**EXERCISE GOAL**
Nothing should appear in the answer except the lines below from the line containing "F-load/1 -> Add/2" through the line containing "Divide : Product", copied exactly, with pictures left out.

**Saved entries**
───

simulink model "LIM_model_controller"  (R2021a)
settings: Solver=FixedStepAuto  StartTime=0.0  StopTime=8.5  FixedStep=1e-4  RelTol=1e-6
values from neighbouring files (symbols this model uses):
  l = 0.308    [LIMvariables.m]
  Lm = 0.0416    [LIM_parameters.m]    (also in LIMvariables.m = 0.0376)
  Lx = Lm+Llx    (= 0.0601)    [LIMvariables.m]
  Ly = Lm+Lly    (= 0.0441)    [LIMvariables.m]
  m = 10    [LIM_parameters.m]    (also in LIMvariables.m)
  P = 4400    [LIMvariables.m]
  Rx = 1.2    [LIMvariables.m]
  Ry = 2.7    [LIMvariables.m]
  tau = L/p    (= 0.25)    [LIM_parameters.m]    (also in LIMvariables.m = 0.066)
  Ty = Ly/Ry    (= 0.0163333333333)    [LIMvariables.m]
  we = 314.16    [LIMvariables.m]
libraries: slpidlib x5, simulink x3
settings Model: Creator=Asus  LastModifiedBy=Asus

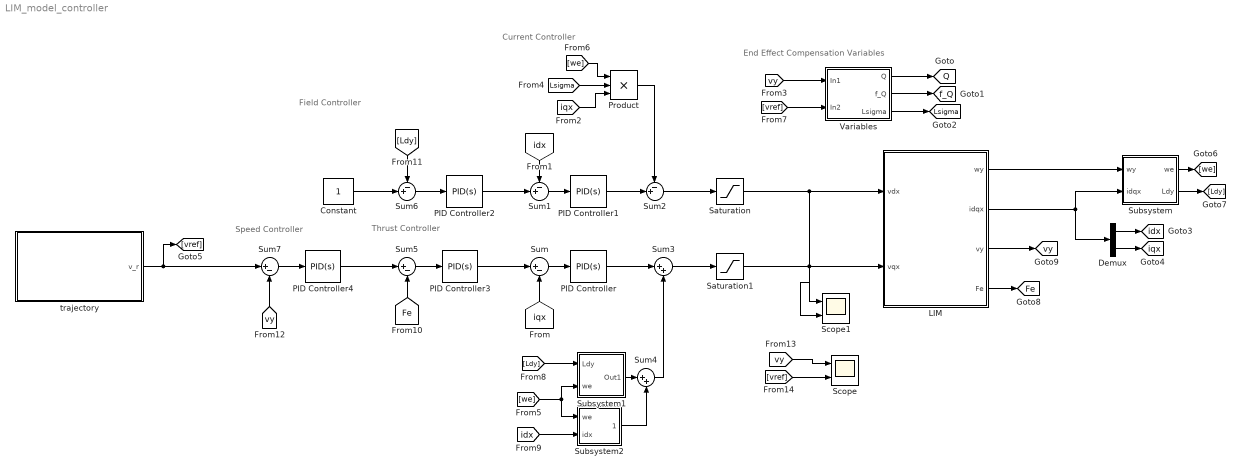
== system LIM_model_controller ==
  note: End Effect Compensation Variables
  note: Field Controller
  note: Speed Controller
  note: Thrust Controller
  note: Current Controller
  Constant : Constant
  Demux : Demux  Outputs=2
  LIM : Subsystem
  PID Controller{,1..4} (5 alike) : slpidlib/PID Controller  Controller=PID  Form=Parallel  TimeDomain=Continuous-time  UseExternalTs=off  SampleTime=-1  IntegratorMethod=Forward Euler  FilterMethod=Forward Euler  ControllerParametersSource=internal  P=1  I=1  D=0  UseFilter=on  N=100  TunerSelectOption=Transfer Function Based (PID Tuner App)  InitialConditionSource=internal  InitialConditionForIntegrator=0  InitialConditionForFilter=0  DifferentiatorICPrevScaledInput=0  ExternalReset=none  TrackingMode=off  Kt=1  LimitOutput=off  SatLimitsSource=internal  UpperSaturationLimit=inf  LowerSaturationLimit=-inf  LinearizeAsGain=on  AntiWindupMode=none  Kb=1  POutMin=[]  POutMax=[]  IOutMin=[]  IOutMax=[]  DOutMin=[]  DOutMax=[]  NOutMin=[]  NOutMax=[]  SumOutMin=[]  SumOutMax=[]  SaturationOutMin=[]  SaturationOutMax=[]  PParamMin=[]  PParamMax=[]  IParamMin=[]  IParamMax=[]  DParamMin=[]  DParamMax=[]  NParamMin=[]  NParamMax=[]  KbParamMin=[]  KbParamMax=[]  KtParamMin=[]  KtParamMax=[]  KbOutMin=[]  KbOutMax=[]  KtOutMin=[]  KtOutMax=[]  IntegratorOutMin=[]  IntegratorOutMax=[]  FilterOutMin=[]  FilterOutMax=[]  SumI1OutMin=[]  SumI1OutMax=[]  SumI2OutMin=[]  SumI2OutMax=[]  SumI3OutMin=[]  SumI3OutMax=[]  SumI4OutMin=[]  SumI4OutMax=[]  SumDOutMin=[]  SumDOutMax=[]  DifferentiatorOutMin=[]  DifferentiatorOutMax=[]  FilterDiffOutCoefMin=[]  FilterDiffOutCoefMax=[]  ReciprocalOutMin=[]  ReciprocalOutMax=[]  SumDenOutMin=[]  SumDenOutMax=[]  SumNumOutMin=[]  SumNumOutMax=[]  DivideOutMin=[]  DivideOutMax=[]  UdiffTsProdOutMin=[]  UdiffTsProdOutMax=[]  NTsProdOutMin=[]  NTsProdOutMax=[]  UintegralTsProdOutMin=[]  UintegralTsProdOutMax=[]  UngainTsProdOutMin=[]  UngainTsProdOutMax=[]  IntegratorContinuousStateAttributes=''  IntegratorStateMustResolveToSignalObject=off  IntegratorRTWStateStorageClass=Auto  FilterContinuousStateAttributes=''  FilterStateMustResolveToSignalObject=off  FilterRTWStateStorageClass=Auto  ParallelPVariant=InternalParameters  IdealPVariant=Disabled  IVariant=InternalParameters  DVariant=InternalParameters  IntegratorVariant=Continuous  SatVariant=Disabled  AWVariant=Passthrough  PCopyVariant=Disabled  TRVariant=Disabled  FdbkBlocksVariant=Forward  IdealPFdbkVariant=Disabled  SatFdbkVariant=Disabled  DerivativeFilterVariant=ContFilter  NVariant=InternalParameters  NCopyVariant=Disabled  FilterICVariant=InternalICsFilter  IntegratorICVariant=InternalICs  ExternalResetVariant=Disabled  TRSumVariant=Passthrough  SumFdbkVariant=Disabled  SumVariant=Sum_PID  TsampFilterVariant=InternalTs  TsampNgainVariant=Passthrough  TsampIntegralVariant=Passthrough  ExternalSaturationOutDataTypeStr=Inherit: Same as second input
  Product : Product  Inputs=3
  Saturation : Saturate  UpperLimit=100  LowerLimit=-100
  Saturation1 : Saturate  UpperLimit=100  LowerLimit=-100
  Scope : Scope  NumInputPorts=2
  Scope1 : Scope  NumInputPorts=2
  Subsystem : Subsystem
  Subsystem1 : Subsystem
  Subsystem2 : Subsystem
  Sum : Sum  Inputs=|+-
  Sum1 : Sum  Inputs=-+|
  Sum2 : Sum  Inputs=-+|
  Sum3 : Sum  Inputs=|++
  Sum4 : Sum  Inputs=|++
  Sum5 : Sum  Inputs=|+-
  Sum6 : Sum  Inputs=-+|
  Sum7 : Sum  Inputs=|+-
  Variables : Subsystem
  trajectory : Subsystem
  tag scope: Fe=global, Lsigma=global, Q=global, f_Q=global, idx=global, iqx=global, vy=global
  wires:
  [vref] -> Variables/2(In2)
  Variables/2(f_Q) -> [f_Q]
  Variables/3(Lsigma) -> [Lsigma]
  Variables/1(Q) -> [Q]
  [vy] -> Variables/1(In1)
  trajectory/1(v_r) -> Sum7/1, [vref]
  LIM/3(vy) -> [vy]
  Sum/1 -> PID Controller/1
  Sum1/1 -> PID Controller1/1
  Saturation1/1 -> Scope1/2, LIM/2(vqx)
  Saturation/1 -> Scope1/1, LIM/1(vdx)
  [iqx] -> Sum/2
  [idx] -> Sum1/1
  Sum2/1 -> Saturation/1
  PID Controller1/1 -> Sum2/2
  LIM/1(wy) -> Subsystem/1(wy)
  LIM/2(idqx) -> Subsystem/2(idqx), Demux/1
  Demux/1 -> [idx]
  Demux/2 -> [iqx]
  Subsystem/1(we) -> [we]
  [we] -> Product/1
  [Lsigma] -> Product/2
  [iqx] -> Product/3
  Product/1 -> Sum2/1
  Subsystem/2(Ldy) -> [Ldy]
  Sum3/1 -> Saturation1/1
  PID Controller/1 -> Sum3/1
  Subsystem2/1(Out1) -> Sum4/2
  Subsystem1/1(Out1) -> Sum4/1
  Sum4/1 -> Sum3/2
  [Ldy] -> Subsystem1/1(Ldy)
  [idx] -> Subsystem2/2(idx)
  [we] -> Subsystem1/2(we), Subsystem2/1(we)
  LIM/4(Fe) -> [Fe]
  PID Controller3/1 -> Sum/1
  PID Controller2/1 -> Sum1/2
  Sum5/1 -> PID Controller3/1
  Sum6/1 -> PID Controller2/1
  [Fe] -> Sum5/2
  [Ldy] -> Sum6/1
  Constant/1 -> Sum6/2
  PID Controller4/1 -> Sum5/1
  [vy] -> Sum7/2
  Sum7/1 -> PID Controller4/1
  [vy] -> Scope/1
  [vref] -> Scope/2

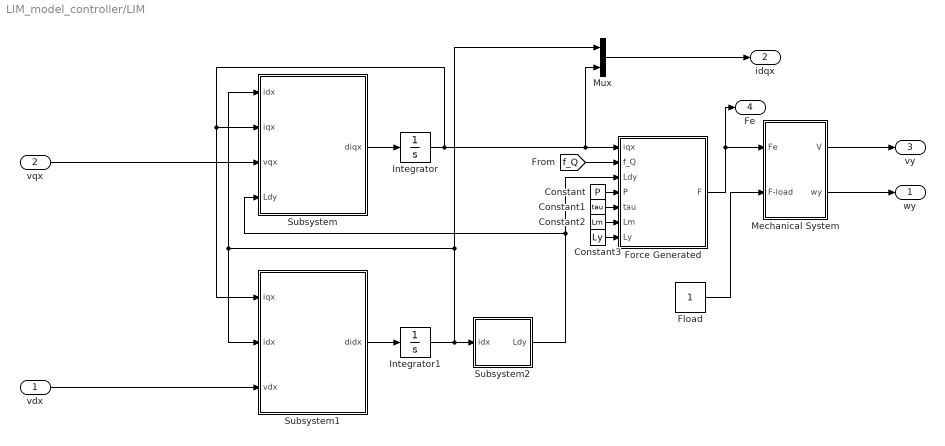
== system LIM_model_controller/LIM ==
  vdx : Inport
  vqx : Inport  Port=2
  Constant : Constant  Value=P
  Constant1 : Constant  Value=tau
  Constant2 : Constant  Value=Lm
  Constant3 : Constant  Value=Ly
  Fload : Constant
  Force Generated : MATLAB Function  TreatAsAtomicUnit=on
  Integrator : Integrator  InitialCondition=0.1
  Integrator1 : Integrator
  Mechanical System : Subsystem
  Mux : Mux  Inputs=2
  Subsystem : Subsystem
  Subsystem1 : Subsystem
  Subsystem2 : Subsystem
  wy : Outport
  idqx : Outport  Port=2
  vy : Outport  Port=3
  Fe : Outport  Port=4
  wires:
  Integrator/1 -> Subsystem1/1(iqx), Subsystem/2(iqx), Mux/2, Force Generated/1(iqx)
  Subsystem/1(diqx) -> Integrator/1
  vdx/1 -> Subsystem1/3(vdx)
  Integrator1/1 -> Subsystem2/1(idx), Mux/1, Subsystem1/2(idx), Subsystem/1(idx)
  Fload/1 -> Mechanical System/2(F-load)
  Subsystem1/1(didx) -> Integrator1/1
  Subsystem2/1(Ldy) -> Subsystem/4(Ldy), Force Generated/3(Ldy)
  Force Generated/1(F) -> Mechanical System/1(Fe), Fe/1
  [f_Q] -> Force Generated/2(f_Q)
  Mechanical System/2(wy) -> wy/1
  Mechanical System/1(V) -> vy/1
  vqx/1 -> Subsystem/3(vqx)
  Mux/1 -> idqx/1
  Constant/1 -> Force Generated/4(P)
  Constant1/1 -> Force Generated/5(tau)
  Constant2/1 -> Force Generated/6(Lm)
  Constant3/1 -> Force Generated/7(Ly)

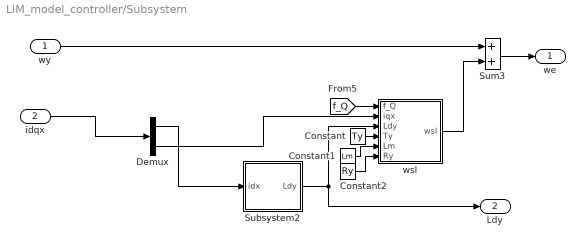
== system LIM_model_controller/Subsystem ==
  wy : Inport
  idqx : Inport  Port=2
  Constant : Constant  Value=Ty
  Constant1 : Constant  Value=Lm
  Constant2 : Constant  Value=Ry
  Demux : Demux  Outputs=2
  Subsystem2 : Subsystem
  Sum3 : Sum
  wsl : MATLAB Function  TreatAsAtomicUnit=on
  we : Outport
  Ldy : Outport  Port=2
  wires:
  Subsystem2/1(Ldy) -> Ldy/1, wsl/3(Ldy)
  Demux/2 -> wsl/2(iqx)
  Demux/1 -> Subsystem2/1(idx)
  [f_Q] -> wsl/1(f_Q)
  idqx/1 -> Demux/1
  wsl/1(wsl) -> Sum3/2
  Sum3/1 -> we/1
  wy/1 -> Sum3/1
  Constant/1 -> wsl/4(Ty)
  Constant1/1 -> wsl/5(Lm)
  Constant2/1 -> wsl/6(Ry)

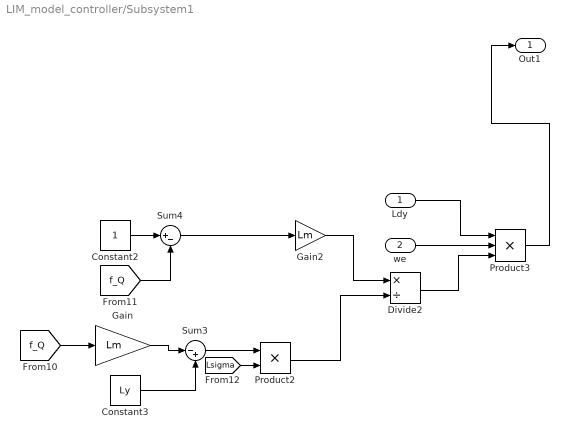
== system LIM_model_controller/Subsystem1 ==
  Ldy : Inport
  we : Inport  Port=2
  Constant2 : Constant
  Constant3 : Constant  Value=Ly
  Divide2 : Product  Inputs=*/
  Gain : Gain  Gain=Lm
  Gain2 : Gain  Gain=Lm
  Product2 : Product
  Product3 : Product  Inputs=3
  Sum3 : Sum  Inputs=|-+
  Sum4 : Sum  Inputs=|+-
  Out1 : Outport
  wires:
  [f_Q] -> Gain/1
  Constant3/1 -> Sum3/2
  Sum3/1 -> Product2/1
  Sum4/1 -> Gain2/1
  [Lsigma] -> Product2/2
  Constant2/1 -> Sum4/1
  Ldy/1 -> Product3/1
  [f_Q] -> Sum4/2
  Product2/1 -> Divide2/2
  Divide2/1 -> Product3/3
  Gain2/1 -> Divide2/1
  Gain/1 -> Sum3/1
  we/1 -> Product3/2
  Product3/1 -> Out1/1

== system LIM_model_controller/Subsystem2 ==
  we : Inport
  idx : Inport  Port=2
  Product1 : Product  Inputs=3
  Out1 : Outport
  wires:
  idx/1 -> Product1/3
  [Lsigma] -> Product1/2
  Product1/1 -> Out1/1
  we/1 -> Product1/1

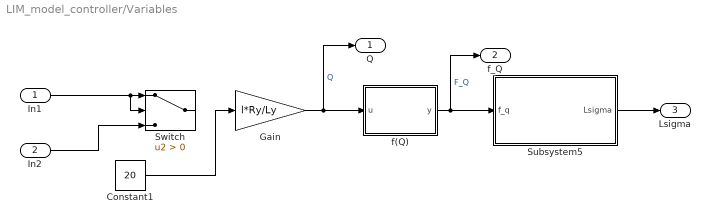
== system LIM_model_controller/Variables ==
  In1 : Inport
  In2 : Inport  Port=2
  Constant1 : Constant  Value=20
  Gain : Gain  Gain=l*Ry/Ly
  Subsystem5 : Subsystem
  Switch : Switch  Criteria=u2 > Threshold
  f(Q) : MATLAB Function  TreatAsAtomicUnit=on
  Q : Outport
  f_Q : Outport  Port=2
  Lsigma : Outport  Port=3
  wires:
  In1/1 -> Switch/2, Switch/1
  Gain/1 -> Q/1, f(Q)/1(u)  "Q"
  f(Q)/1(y) -> f_Q/1, Subsystem5/1(f_q)  "F_Q"
  Subsystem5/1(Lsigma) -> Lsigma/1
  In2/1 -> Switch/3
  Constant1/1 -> Gain/1

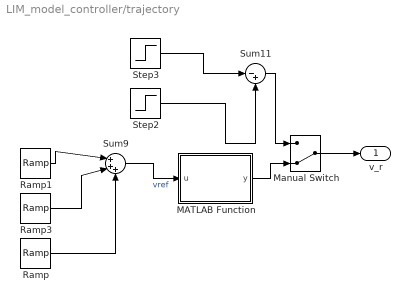
== system LIM_model_controller/trajectory ==
  MATLAB Function : MATLAB Function  TreatAsAtomicUnit=on
  Manual Switch : ManualSwitch  CurrentSetting=0
  Ramp : simulink/Sources/Ramp  slope=-6.5  start=5.28  InitialOutput=0
  Ramp1 : simulink/Sources/Ramp  slope=4.12  start=0  InitialOutput=0.1
  Ramp3 : simulink/Sources/Ramp  slope=-4.4  start=5.28  InitialOutput=0.1
  Step2 : Step  Time=0  Before=0.1  After=20  SampleTime=0
  Step3 : Step  Time=4  Before=20  After=0.1  SampleTime=0
  Sum11 : Sum  Inputs=|-+
  Sum9 : Sum  Inputs=|+++
  v_r : Outport
  wires:
  MATLAB Function/1(y) -> Manual Switch/2
  Sum11/1 -> Manual Switch/1
  Ramp3/1 -> Sum9/2
  Step2/1 -> Sum11/2
  Ramp/1 -> Sum9/3
  Step3/1 -> Sum11/1
  Ramp1/1 -> Sum9/1
  Manual Switch/1 -> v_r/1
  Sum9/1 -> MATLAB Function/1(u)  "vref"

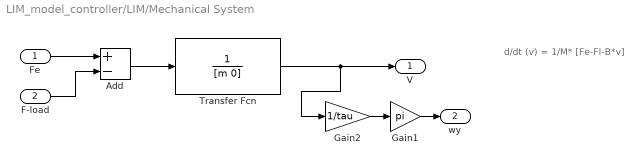
== system LIM_model_controller/LIM/Mechanical System ==
  note: d/dt (v) = 1/M* [Fe-Fl-B*v]
  Fe : Inport
  F-load : Inport  Port=2
  Add : Sum  Inputs=+-
  Gain1 : Gain  Gain=pi
  Gain2 : Gain  Gain=1/tau
  Transfer Fcn : TransferFcn  Denominator=[m 0]
  V : Outport
  wy : Outport  Port=2
  wires:
  Fe/1 -> Add/1
  F-load/1 -> Add/2
  Add/1 -> Transfer Fcn/1
  Gain2/1 -> Gain1/1
  Gain1/1 -> wy/1
  Transfer Fcn/1 -> Gain2/1, V/1

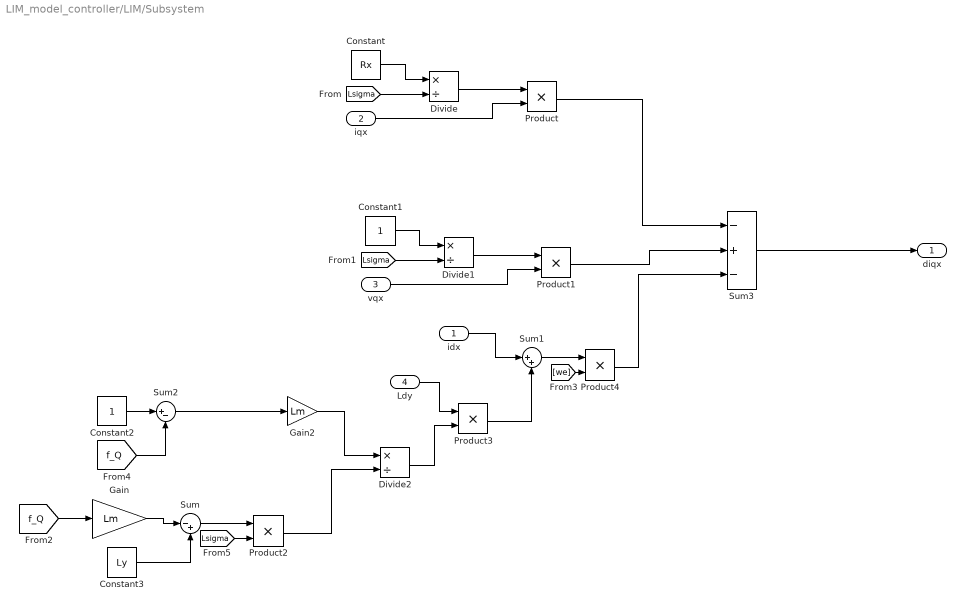
== system LIM_model_controller/LIM/Subsystem ==
  idx : Inport
  iqx : Inport  Port=2
  vqx : Inport  Port=3
  Ldy : Inport  Port=4
  Constant : Constant  Value=Rx
  Constant1 : Constant
  Constant2 : Constant
  Constant3 : Constant  Value=Ly
  Divide : Product  Inputs=*/
  Divide1 : Product  Inputs=*/
  Divide2 : Product  Inputs=*/
  Gain : Gain  Gain=Lm
  Gain2 : Gain  Gain=Lm
  Product{,1..4} (5 alike) : Product
  Sum : Sum  Inputs=|-+
  Sum1 : Sum  Inputs=|++
  Sum2 : Sum  Inputs=|+-
  Sum3 : Sum  Inputs=-+-
  diqx : Outport
  wires:
  Constant2/1 -> Sum2/1
  Gain/1 -> Sum/1
  Product3/1 -> Sum1/2
  Divide1/1 -> Product1/1
  Constant1/1 -> Divide1/1
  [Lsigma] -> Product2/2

───

**YOUR SOLUTION**
  F-load/1 -> Add/2
  Add/1 -> Transfer Fcn/1
  Gain2/1 -> Gain1/1
  Gain1/1 -> wy/1
  Transfer Fcn/1 -> Gain2/1, V/1

== system LIM_model_controller/LIM/Subsystem ==
  idx : Inport
  iqx : Inport  Port=2
  vqx : Inport  Port=3
  Ldy : Inport  Port=4
  Constant : Constant  Value=Rx
  Constant1 : Constant
  Constant2 : Constant
  Constant3 : Constant  Value=Ly
  Divide : Product  Inputs=*/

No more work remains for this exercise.